::: Records for this task :::

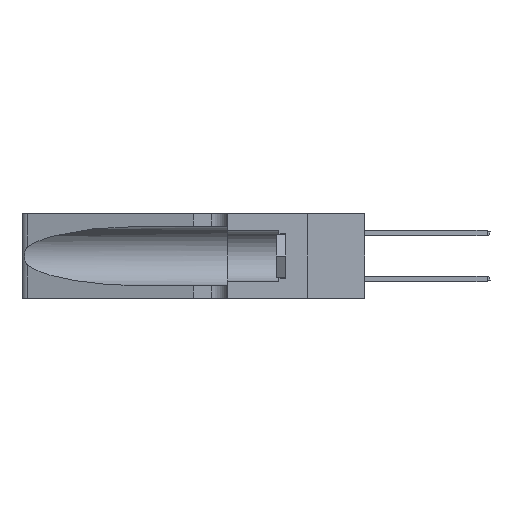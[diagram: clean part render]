
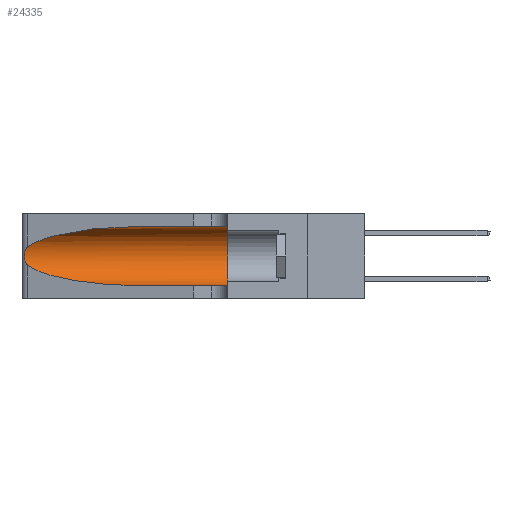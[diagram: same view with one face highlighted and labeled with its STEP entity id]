
A CAD part, left-side view. The second image highlights one B-rep face of the part: STEP entity #24335.
In plain terms, the highlighted cylindrical face has radius 3.308 mm (diameter 6.617 mm), a partial arc.
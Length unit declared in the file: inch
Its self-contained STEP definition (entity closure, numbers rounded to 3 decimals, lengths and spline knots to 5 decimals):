
#447 = CARTESIAN_POINT ( 'NONE',  ( 0.1305, 0.72297, 0.05475 ) ) ;
#1678 = ORIENTED_EDGE ( 'NONE', *, *, #25364, .T. ) ;
#1698 =( BOUNDED_CURVE ( )  B_SPLINE_CURVE ( 3, ( #19006, #25577, #23451, #10230 ),
 .UNSPECIFIED., .F., .T. ) 
 B_SPLINE_CURVE_WITH_KNOTS ( ( 4, 4 ),
 ( 3.44316, 4.71239 ),
 .UNSPECIFIED. ) 
 CURVE ( )  GEOMETRIC_REPRESENTATION_ITEM ( )  RATIONAL_B_SPLINE_CURVE ( ( 1., 0.87, 0.87, 1. ) ) 
 REPRESENTATION_ITEM ( '' )  );
#2033 = CARTESIAN_POINT ( 'NONE',  ( 0.26017, 1.23833, 0.17102 ) ) ;
#2338 = ORIENTED_EDGE ( 'NONE', *, *, #26536, .T. ) ;
#2340 = EDGE_LOOP ( 'NONE', ( #1678, #23791, #26460, #2338, #7562, #13865 ) ) ;
#3490 = CARTESIAN_POINT ( 'NONE',  ( 0.1305, 0.72297, 0.31525 ) ) ;
#3958 = FACE_OUTER_BOUND ( 'NONE', #2340, .T. ) ;
#4210 = VERTEX_POINT ( 'NONE', #20885 ) ;
#4290 = CARTESIAN_POINT ( 'NONE',  ( 0.25789, 1.23486, 0.15765 ) ) ;
#4641 = CARTESIAN_POINT ( 'NONE',  ( 0.2373, 1.15595, 0.28018 ) ) ;
#5056 = CARTESIAN_POINT ( 'NONE',  ( 0.25487, 1.22718, 0.14631 ) ) ;
#5805 = DIRECTION ( 'NONE',  ( 0., 1., 0. ) ) ;
#6328 = LINE ( 'NONE', #20053, #10784 ) ;
#6445 = CARTESIAN_POINT ( 'NONE',  ( 0.25639, 1.23184, 0.21858 ) ) ;
#6544 = CARTESIAN_POINT ( 'NONE',  ( 0.25555, 1.22993, 0.14849 ) ) ;
#7214 = CARTESIAN_POINT ( 'NONE',  ( 0.1305, 1.61858, 0.31525 ) ) ;
#7562 = ORIENTED_EDGE ( 'NONE', *, *, #15358, .F. ) ;
#8015 = AXIS2_PLACEMENT_3D ( 'NONE', #27965, #12513, #8090 ) ;
#8090 = DIRECTION ( 'NONE',  ( 0., 0., -1. ) ) ;
#8676 = CARTESIAN_POINT ( 'NONE',  ( 0.25487, 1.22718, 0.22369 ) ) ;
#9142 = EDGE_CURVE ( 'NONE', #11920, #9360, #12022, .T. ) ;
#9360 = VERTEX_POINT ( 'NONE', #5056 ) ;
#9387 = EDGE_CURVE ( 'NONE', #18225, #4210, #26559, .T. ) ;
#10230 = CARTESIAN_POINT ( 'NONE',  ( 0.1305, 0.72297, 0.05475 ) ) ;
#10784 = VECTOR ( 'NONE', #22265, 39.37008 ) ;
#10852 = CARTESIAN_POINT ( 'NONE',  ( 0.25787, 1.23484, 0.2124 ) ) ;
#11920 = VERTEX_POINT ( 'NONE', #16036 ) ;
#12022 = B_SPLINE_CURVE_WITH_KNOTS ( 'NONE', 3,
 ( #8676, #21874, #6445, #10852, #26318, #13087, #28516, #15300, #2033, #17529, #4290, #19753, #6544, #21968 ),
 .UNSPECIFIED., .F., .F.,
 ( 4, 2, 2, 2, 2, 2, 4 ),
 ( 0., 0.00027, 0.00053, 0.00107, 0.0016, 0.00187, 0.00214 ),
 .UNSPECIFIED. ) ;
#12513 = DIRECTION ( 'NONE',  ( 0., -1., 0. ) ) ;
#13087 = CARTESIAN_POINT ( 'NONE',  ( 0.26018, 1.23835, 0.19895 ) ) ;
#13787 = EDGE_CURVE ( 'NONE', #9360, #18664, #1698, .T. ) ;
#13865 = ORIENTED_EDGE ( 'NONE', *, *, #9387, .F. ) ;
#14216 = CIRCLE ( 'NONE', #23393, 0.13025 ) ;
#15034 = CYLINDRICAL_SURFACE ( 'NONE', #8015, 0.13025 ) ;
#15300 = CARTESIAN_POINT ( 'NONE',  ( 0.26075, 1.23896, 0.178 ) ) ;
#15358 = EDGE_CURVE ( 'NONE', #4210, #17277, #14216, .T. ) ;
#15657 = CARTESIAN_POINT ( 'NONE',  ( 0.18966, 0.96281, 0.31525 ) ) ;
#16036 = CARTESIAN_POINT ( 'NONE',  ( 0.25487, 1.22718, 0.22369 ) ) ;
#16166 = DIRECTION ( 'NONE',  ( 0., -1., 0. ) ) ;
#17277 = VERTEX_POINT ( 'NONE', #27616 ) ;
#17529 = CARTESIAN_POINT ( 'NONE',  ( 0.25856, 1.23593, 0.16098 ) ) ;
#17783 = CARTESIAN_POINT ( 'NONE',  ( 0.1305, 0.72297, 0.31525 ) ) ;
#18225 = VERTEX_POINT ( 'NONE', #3490 ) ;
#18664 = VERTEX_POINT ( 'NONE', #447 ) ;
#19006 = CARTESIAN_POINT ( 'NONE',  ( 0.25487, 1.22718, 0.14631 ) ) ;
#19011 = CARTESIAN_POINT ( 'NONE',  ( 0.1305, 0.35, 0.185 ) ) ;
#19753 = CARTESIAN_POINT ( 'NONE',  ( 0.25639, 1.23186, 0.15144 ) ) ;
#20053 = CARTESIAN_POINT ( 'NONE',  ( 0.1305, 1.61858, 0.05475 ) ) ;
#20106 = CARTESIAN_POINT ( 'NONE',  ( 0.25487, 1.22718, 0.22369 ) ) ;
#20697 = VECTOR ( 'NONE', #16166, 39.37008 ) ;
#20885 = CARTESIAN_POINT ( 'NONE',  ( 0.1305, 0.35, 0.31525 ) ) ;
#21253 = DIRECTION ( 'NONE',  ( 0., 0., 1. ) ) ;
#21874 = CARTESIAN_POINT ( 'NONE',  ( 0.25555, 1.22994, 0.2215 ) ) ;
#21968 = CARTESIAN_POINT ( 'NONE',  ( 0.25487, 1.22718, 0.14631 ) ) ;
#22265 = DIRECTION ( 'NONE',  ( 0., -1., 0. ) ) ;
#23393 = AXIS2_PLACEMENT_3D ( 'NONE', #19011, #5805, #21253 ) ;
#23451 = CARTESIAN_POINT ( 'NONE',  ( 0.18966, 0.96281, 0.05475 ) ) ;
#23791 = ORIENTED_EDGE ( 'NONE', *, *, #9142, .T. ) ;
#24335 = ADVANCED_FACE ( 'NONE', ( #3958 ), #15034, .F. ) ;
#25364 = EDGE_CURVE ( 'NONE', #18225, #11920, #28293, .T. ) ;
#25577 = CARTESIAN_POINT ( 'NONE',  ( 0.2373, 1.15595, 0.08982 ) ) ;
#26318 = CARTESIAN_POINT ( 'NONE',  ( 0.25854, 1.2359, 0.20912 ) ) ;
#26460 = ORIENTED_EDGE ( 'NONE', *, *, #13787, .T. ) ;
#26536 = EDGE_CURVE ( 'NONE', #18664, #17277, #6328, .T. ) ;
#26559 = LINE ( 'NONE', #7214, #20697 ) ;
#27616 = CARTESIAN_POINT ( 'NONE',  ( 0.1305, 0.35, 0.05475 ) ) ;
#27965 = CARTESIAN_POINT ( 'NONE',  ( 0.1305, 1.61858, 0.185 ) ) ;
#28293 =( BOUNDED_CURVE ( )  B_SPLINE_CURVE ( 3, ( #17783, #15657, #4641, #20106 ),
 .UNSPECIFIED., .F., .F. ) 
 B_SPLINE_CURVE_WITH_KNOTS ( ( 4, 4 ),
 ( 1.5708, 2.84003 ),
 .UNSPECIFIED. ) 
 CURVE ( )  GEOMETRIC_REPRESENTATION_ITEM ( )  RATIONAL_B_SPLINE_CURVE ( ( 1., 0.87, 0.87, 1. ) ) 
 REPRESENTATION_ITEM ( '' )  );
#28516 = CARTESIAN_POINT ( 'NONE',  ( 0.26075, 1.23896, 0.19203 ) ) ;

:::

- **Work request**
An exact copy of the lines above, from the first through the line that holds "#10784 = VECTOR", is what is needed; leave the pictures out.

- **The answer**
[diagram: clean part render]
[diagram: same view with one face highlighted and labeled with its STEP entity id]
A CAD part, left-side view. The second image highlights one B-rep face of the part: STEP entity #24335.
In plain terms, the highlighted cylindrical face has radius 3.308 mm (diameter 6.617 mm), a partial arc.
Length unit declared in the file: inch
Its self-contained STEP definition (entity closure, numbers rounded to 3 decimals, lengths and spline knots to 5 decimals):
#447 = CARTESIAN_POINT ( 'NONE',  ( 0.1305, 0.72297, 0.05475 ) ) ;
#1678 = ORIENTED_EDGE ( 'NONE', *, *, #25364, .T. ) ;
#1698 =( BOUNDED_CURVE ( )  B_SPLINE_CURVE ( 3, ( #19006, #25577, #23451, #10230 ),
 .UNSPECIFIED., .F., .T. ) 
 B_SPLINE_CURVE_WITH_KNOTS ( ( 4, 4 ),
 ( 3.44316, 4.71239 ),
 .UNSPECIFIED. ) 
 CURVE ( )  GEOMETRIC_REPRESENTATION_ITEM ( )  RATIONAL_B_SPLINE_CURVE ( ( 1., 0.87, 0.87, 1. ) ) 
 REPRESENTATION_ITEM ( '' )  );
#2033 = CARTESIAN_POINT ( 'NONE',  ( 0.26017, 1.23833, 0.17102 ) ) ;
#2338 = ORIENTED_EDGE ( 'NONE', *, *, #26536, .T. ) ;
#2340 = EDGE_LOOP ( 'NONE', ( #1678, #23791, #26460, #2338, #7562, #13865 ) ) ;
#3490 = CARTESIAN_POINT ( 'NONE',  ( 0.1305, 0.72297, 0.31525 ) ) ;
#3958 = FACE_OUTER_BOUND ( 'NONE', #2340, .T. ) ;
#4210 = VERTEX_POINT ( 'NONE', #20885 ) ;
#4290 = CARTESIAN_POINT ( 'NONE',  ( 0.25789, 1.23486, 0.15765 ) ) ;
#4641 = CARTESIAN_POINT ( 'NONE',  ( 0.2373, 1.15595, 0.28018 ) ) ;
#5056 = CARTESIAN_POINT ( 'NONE',  ( 0.25487, 1.22718, 0.14631 ) ) ;
#5805 = DIRECTION ( 'NONE',  ( 0., 1., 0. ) ) ;
#6328 = LINE ( 'NONE', #20053, #10784 ) ;
#6445 = CARTESIAN_POINT ( 'NONE',  ( 0.25639, 1.23184, 0.21858 ) ) ;
#6544 = CARTESIAN_POINT ( 'NONE',  ( 0.25555, 1.22993, 0.14849 ) ) ;
#7214 = CARTESIAN_POINT ( 'NONE',  ( 0.1305, 1.61858, 0.31525 ) ) ;
#7562 = ORIENTED_EDGE ( 'NONE', *, *, #15358, .F. ) ;
#8015 = AXIS2_PLACEMENT_3D ( 'NONE', #27965, #12513, #8090 ) ;
#8090 = DIRECTION ( 'NONE',  ( 0., 0., -1. ) ) ;
#8676 = CARTESIAN_POINT ( 'NONE',  ( 0.25487, 1.22718, 0.22369 ) ) ;
#9142 = EDGE_CURVE ( 'NONE', #11920, #9360, #12022, .T. ) ;
#9360 = VERTEX_POINT ( 'NONE', #5056 ) ;
#9387 = EDGE_CURVE ( 'NONE', #18225, #4210, #26559, .T. ) ;
#10230 = CARTESIAN_POINT ( 'NONE',  ( 0.1305, 0.72297, 0.05475 ) ) ;
#10784 = VECTOR ( 'NONE', #22265, 39.37008 ) ;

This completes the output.